# A good Read on some Mistakes we Make



## v-john (Jan 27, 2013)

A lot of times we make mistakes with our dogs that we don't even know we are doing. 

This is a great article on some of the mistakes that owners/handlers make. I thought you guys might like it as well.

http://www.sacramentodogbehavior.com/6mistakesbmod.htm

To me, timing is so very important. It is a mistake that some of us make and not realize it. Great read.


----------



## sniper john (Jun 17, 2010)

Good article. Thanks for posting. 

I got a lesson in timing when I was training Dash for Retriever Tests. I used clicker training early on with great success and did use a lot of clicker work in his retrieve, hold and give training.
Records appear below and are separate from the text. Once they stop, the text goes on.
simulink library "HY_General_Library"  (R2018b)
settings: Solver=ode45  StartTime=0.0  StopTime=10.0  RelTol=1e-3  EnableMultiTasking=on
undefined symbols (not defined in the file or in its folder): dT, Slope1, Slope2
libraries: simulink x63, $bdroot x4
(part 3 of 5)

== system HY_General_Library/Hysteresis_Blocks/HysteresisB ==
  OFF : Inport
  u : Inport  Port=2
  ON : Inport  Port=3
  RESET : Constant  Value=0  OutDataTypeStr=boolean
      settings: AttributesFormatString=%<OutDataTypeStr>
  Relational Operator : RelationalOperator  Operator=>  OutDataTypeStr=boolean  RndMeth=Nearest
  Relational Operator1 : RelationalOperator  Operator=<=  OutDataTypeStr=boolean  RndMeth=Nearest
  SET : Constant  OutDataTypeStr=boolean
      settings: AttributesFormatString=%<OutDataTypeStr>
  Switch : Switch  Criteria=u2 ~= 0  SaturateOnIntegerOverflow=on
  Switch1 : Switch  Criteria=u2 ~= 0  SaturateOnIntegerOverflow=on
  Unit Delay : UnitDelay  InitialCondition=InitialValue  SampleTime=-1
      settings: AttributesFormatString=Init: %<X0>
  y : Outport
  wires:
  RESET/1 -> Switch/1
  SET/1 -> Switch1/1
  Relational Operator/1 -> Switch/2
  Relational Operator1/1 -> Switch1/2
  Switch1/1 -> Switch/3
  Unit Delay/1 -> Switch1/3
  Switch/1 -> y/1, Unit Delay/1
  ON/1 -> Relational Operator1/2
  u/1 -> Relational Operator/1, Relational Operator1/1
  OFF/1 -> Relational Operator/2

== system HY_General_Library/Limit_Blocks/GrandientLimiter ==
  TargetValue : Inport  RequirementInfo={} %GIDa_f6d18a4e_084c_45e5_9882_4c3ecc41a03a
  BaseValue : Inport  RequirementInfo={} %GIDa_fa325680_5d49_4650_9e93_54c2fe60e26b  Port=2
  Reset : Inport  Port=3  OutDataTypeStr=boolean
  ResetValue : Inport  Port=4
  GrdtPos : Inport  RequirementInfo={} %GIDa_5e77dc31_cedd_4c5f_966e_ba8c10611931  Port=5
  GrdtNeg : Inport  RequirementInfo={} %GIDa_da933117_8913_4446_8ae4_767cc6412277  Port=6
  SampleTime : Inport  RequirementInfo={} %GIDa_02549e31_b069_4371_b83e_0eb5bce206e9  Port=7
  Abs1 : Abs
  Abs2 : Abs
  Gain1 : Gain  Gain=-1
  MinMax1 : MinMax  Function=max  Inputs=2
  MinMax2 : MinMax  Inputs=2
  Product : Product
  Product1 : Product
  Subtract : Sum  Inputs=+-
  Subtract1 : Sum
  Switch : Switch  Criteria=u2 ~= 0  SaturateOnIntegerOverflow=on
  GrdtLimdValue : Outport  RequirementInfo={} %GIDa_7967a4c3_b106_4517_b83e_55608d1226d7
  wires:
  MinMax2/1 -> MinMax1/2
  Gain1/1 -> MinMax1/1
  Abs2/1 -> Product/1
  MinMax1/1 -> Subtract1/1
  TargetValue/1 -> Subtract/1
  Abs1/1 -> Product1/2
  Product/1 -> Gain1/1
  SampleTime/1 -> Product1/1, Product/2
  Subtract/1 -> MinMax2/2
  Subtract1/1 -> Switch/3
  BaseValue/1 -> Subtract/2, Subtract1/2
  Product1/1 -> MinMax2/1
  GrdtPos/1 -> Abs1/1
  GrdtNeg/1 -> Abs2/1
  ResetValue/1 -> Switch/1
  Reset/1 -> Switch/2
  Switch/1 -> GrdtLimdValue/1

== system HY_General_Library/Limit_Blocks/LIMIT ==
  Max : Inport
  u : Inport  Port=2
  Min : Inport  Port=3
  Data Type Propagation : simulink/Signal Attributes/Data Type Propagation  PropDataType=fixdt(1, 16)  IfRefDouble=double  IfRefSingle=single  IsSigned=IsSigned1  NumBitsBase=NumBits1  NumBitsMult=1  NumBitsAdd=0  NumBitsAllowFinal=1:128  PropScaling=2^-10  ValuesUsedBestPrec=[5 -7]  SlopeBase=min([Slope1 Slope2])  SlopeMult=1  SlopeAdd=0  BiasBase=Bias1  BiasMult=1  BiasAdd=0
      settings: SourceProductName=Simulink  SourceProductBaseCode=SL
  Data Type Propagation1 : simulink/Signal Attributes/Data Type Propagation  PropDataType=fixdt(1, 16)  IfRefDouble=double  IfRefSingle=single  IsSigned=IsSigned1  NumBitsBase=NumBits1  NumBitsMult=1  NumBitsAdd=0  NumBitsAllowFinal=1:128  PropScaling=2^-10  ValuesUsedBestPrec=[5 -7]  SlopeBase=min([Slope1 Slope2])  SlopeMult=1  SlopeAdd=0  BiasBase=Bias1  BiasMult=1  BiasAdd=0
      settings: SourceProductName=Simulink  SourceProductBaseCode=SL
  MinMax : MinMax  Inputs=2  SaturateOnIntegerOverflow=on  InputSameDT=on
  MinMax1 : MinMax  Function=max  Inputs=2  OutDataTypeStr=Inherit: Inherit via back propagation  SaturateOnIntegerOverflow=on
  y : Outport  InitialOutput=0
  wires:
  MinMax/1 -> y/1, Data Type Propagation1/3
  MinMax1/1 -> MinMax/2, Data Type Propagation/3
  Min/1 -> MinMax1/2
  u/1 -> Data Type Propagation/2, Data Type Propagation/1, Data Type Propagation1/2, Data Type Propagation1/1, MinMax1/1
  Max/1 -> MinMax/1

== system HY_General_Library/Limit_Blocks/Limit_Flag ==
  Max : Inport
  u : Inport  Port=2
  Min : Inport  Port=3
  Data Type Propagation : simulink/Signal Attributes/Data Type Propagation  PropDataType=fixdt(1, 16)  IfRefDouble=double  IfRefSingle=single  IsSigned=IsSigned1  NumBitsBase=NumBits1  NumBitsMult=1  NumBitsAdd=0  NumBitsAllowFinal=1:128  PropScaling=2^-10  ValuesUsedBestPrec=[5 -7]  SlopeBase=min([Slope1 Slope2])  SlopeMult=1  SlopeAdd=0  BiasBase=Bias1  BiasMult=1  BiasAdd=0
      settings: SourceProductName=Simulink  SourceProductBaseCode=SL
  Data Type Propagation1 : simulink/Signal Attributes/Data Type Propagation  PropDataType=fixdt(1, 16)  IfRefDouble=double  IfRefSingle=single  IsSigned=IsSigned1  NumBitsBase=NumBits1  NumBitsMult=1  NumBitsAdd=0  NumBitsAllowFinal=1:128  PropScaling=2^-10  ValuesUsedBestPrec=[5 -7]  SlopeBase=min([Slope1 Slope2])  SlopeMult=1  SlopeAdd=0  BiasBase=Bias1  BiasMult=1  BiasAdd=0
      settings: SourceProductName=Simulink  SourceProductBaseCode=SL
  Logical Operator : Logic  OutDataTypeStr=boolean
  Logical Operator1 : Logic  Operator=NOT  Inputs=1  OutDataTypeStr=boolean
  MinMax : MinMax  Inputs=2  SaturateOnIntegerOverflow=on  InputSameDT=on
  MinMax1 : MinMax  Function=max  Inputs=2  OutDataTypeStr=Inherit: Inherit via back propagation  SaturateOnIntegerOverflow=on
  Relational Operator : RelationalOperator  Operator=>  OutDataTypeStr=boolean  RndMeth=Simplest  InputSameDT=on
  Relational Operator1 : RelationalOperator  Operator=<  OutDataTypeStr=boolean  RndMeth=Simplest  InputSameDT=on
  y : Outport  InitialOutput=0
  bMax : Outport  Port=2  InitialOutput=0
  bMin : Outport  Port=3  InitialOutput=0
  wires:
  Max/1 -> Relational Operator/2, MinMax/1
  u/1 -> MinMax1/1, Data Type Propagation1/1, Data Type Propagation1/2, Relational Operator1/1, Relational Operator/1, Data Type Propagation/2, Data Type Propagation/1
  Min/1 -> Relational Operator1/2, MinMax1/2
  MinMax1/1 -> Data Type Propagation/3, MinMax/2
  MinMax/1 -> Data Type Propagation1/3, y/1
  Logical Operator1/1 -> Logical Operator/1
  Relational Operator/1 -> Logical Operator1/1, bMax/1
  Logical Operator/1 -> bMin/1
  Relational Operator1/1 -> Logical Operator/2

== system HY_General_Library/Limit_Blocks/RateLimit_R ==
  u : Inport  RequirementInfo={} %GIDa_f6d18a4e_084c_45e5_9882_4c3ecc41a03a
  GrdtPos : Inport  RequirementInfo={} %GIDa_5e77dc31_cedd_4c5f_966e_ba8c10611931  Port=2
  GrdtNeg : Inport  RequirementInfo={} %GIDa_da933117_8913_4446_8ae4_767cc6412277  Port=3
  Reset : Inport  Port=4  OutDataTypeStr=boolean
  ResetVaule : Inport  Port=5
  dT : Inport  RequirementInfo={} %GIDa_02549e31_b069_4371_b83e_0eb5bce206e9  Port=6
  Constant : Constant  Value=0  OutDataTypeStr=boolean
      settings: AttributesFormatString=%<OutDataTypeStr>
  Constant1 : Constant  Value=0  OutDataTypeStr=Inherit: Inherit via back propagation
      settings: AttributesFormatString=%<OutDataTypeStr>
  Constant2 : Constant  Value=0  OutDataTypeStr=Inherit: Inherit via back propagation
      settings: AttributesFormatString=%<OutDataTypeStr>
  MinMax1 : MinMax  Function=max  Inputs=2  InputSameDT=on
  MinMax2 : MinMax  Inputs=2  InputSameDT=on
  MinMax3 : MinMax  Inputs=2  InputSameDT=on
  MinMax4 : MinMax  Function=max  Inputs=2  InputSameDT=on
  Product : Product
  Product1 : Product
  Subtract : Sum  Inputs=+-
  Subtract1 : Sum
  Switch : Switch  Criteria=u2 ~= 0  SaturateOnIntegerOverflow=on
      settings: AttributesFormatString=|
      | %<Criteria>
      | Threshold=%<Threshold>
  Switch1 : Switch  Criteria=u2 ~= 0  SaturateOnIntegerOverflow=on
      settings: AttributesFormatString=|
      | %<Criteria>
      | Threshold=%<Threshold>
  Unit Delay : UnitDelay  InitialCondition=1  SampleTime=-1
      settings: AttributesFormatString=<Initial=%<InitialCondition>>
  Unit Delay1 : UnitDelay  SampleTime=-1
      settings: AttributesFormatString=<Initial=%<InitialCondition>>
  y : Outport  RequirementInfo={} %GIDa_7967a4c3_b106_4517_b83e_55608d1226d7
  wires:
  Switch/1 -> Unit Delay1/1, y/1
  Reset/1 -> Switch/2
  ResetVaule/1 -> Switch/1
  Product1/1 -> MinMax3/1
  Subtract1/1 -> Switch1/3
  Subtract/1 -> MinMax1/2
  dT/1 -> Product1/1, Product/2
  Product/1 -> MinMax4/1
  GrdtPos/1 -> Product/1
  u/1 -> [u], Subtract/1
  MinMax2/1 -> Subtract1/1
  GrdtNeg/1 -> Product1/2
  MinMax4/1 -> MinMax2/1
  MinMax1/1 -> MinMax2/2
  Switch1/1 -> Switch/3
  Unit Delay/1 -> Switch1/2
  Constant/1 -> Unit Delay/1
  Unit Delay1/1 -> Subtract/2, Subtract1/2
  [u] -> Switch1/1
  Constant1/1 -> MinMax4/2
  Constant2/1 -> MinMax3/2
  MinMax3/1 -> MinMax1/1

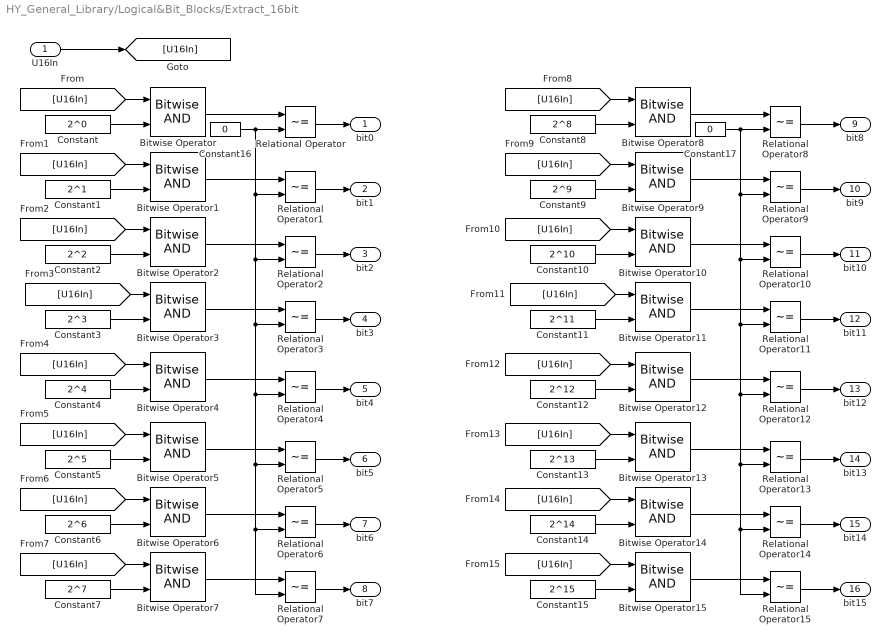
== system HY_General_Library/Logical&Bit_Blocks/Extract_16bit ==
  U16In : Inport
  Bitwise Operator{,1..15} (16 alike) : simulink/Logic and Bit Operations/Bitwise Operator  logicop=AND  UseBitMask=off  NumInputPorts=2  BitMask=bin2dec('11011001')  BitMaskRealWorld=Stored Integer
  Constant : Constant  Value=2^0  OutDataTypeStr=uint16
  Constant1 : Constant  Value=2^1  OutDataTypeStr=uint16
  Constant10 : Constant  Value=2^10  OutDataTypeStr=uint16
  Constant11 : Constant  Value=2^11  OutDataTypeStr=uint16
  Constant12 : Constant  Value=2^12  OutDataTypeStr=uint16
  Constant13 : Constant  Value=2^13  OutDataTypeStr=uint16
  Constant14 : Constant  Value=2^14  OutDataTypeStr=uint16
  Constant15 : Constant  Value=2^15  OutDataTypeStr=uint16
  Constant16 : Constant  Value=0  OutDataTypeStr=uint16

But during early training for Retriever tests I had abandoned the clicker and was verbally praising and clapping at the moment Dash got to the bumper or bird. Once he had it down and I had moved on to other things, all of a sudden on retrieves Dash started running to the bird and just standing there looking at me. After some frustration and trial and error, I figured out the only thing that would get him to pick the bird up on his own was clapping and praising him. Once I did that he would then pick the bird up and retrieve it to hand as normal. I had made a mistake with the timing of my praise and created the problem. From early repitition and behavior shaping I created a situation where it required a praise or clap from me for assurance to pick up the bird. In the hunt test situation, I am not allowed to praise or encourage the dog until after the bird has been picked up. It was entirely my fault and he was only doing what he had inadvertently been trained to do.


----------



## texasred (Jan 29, 2012)

Great article, and a good refresher. 
Even if we have learned something before, its easy to overlook some of it later on in your dogs life.


----------



## MCD (May 4, 2013)

A very good article. I can't help but feel that sometimes I or my husband or daughter set the puppy up for failure. Especially with crate training which has never gone well. We lack consistency amongst ourselves, use the wrong words or are often just to soft in training and listening to what the dog is telling us. I believe that my successes are hers and vice versa.


----------



## jld640 (Sep 29, 2010)

Good article. Some of what was written was more familiar than I'd like to admit. : Thanks for posting.


----------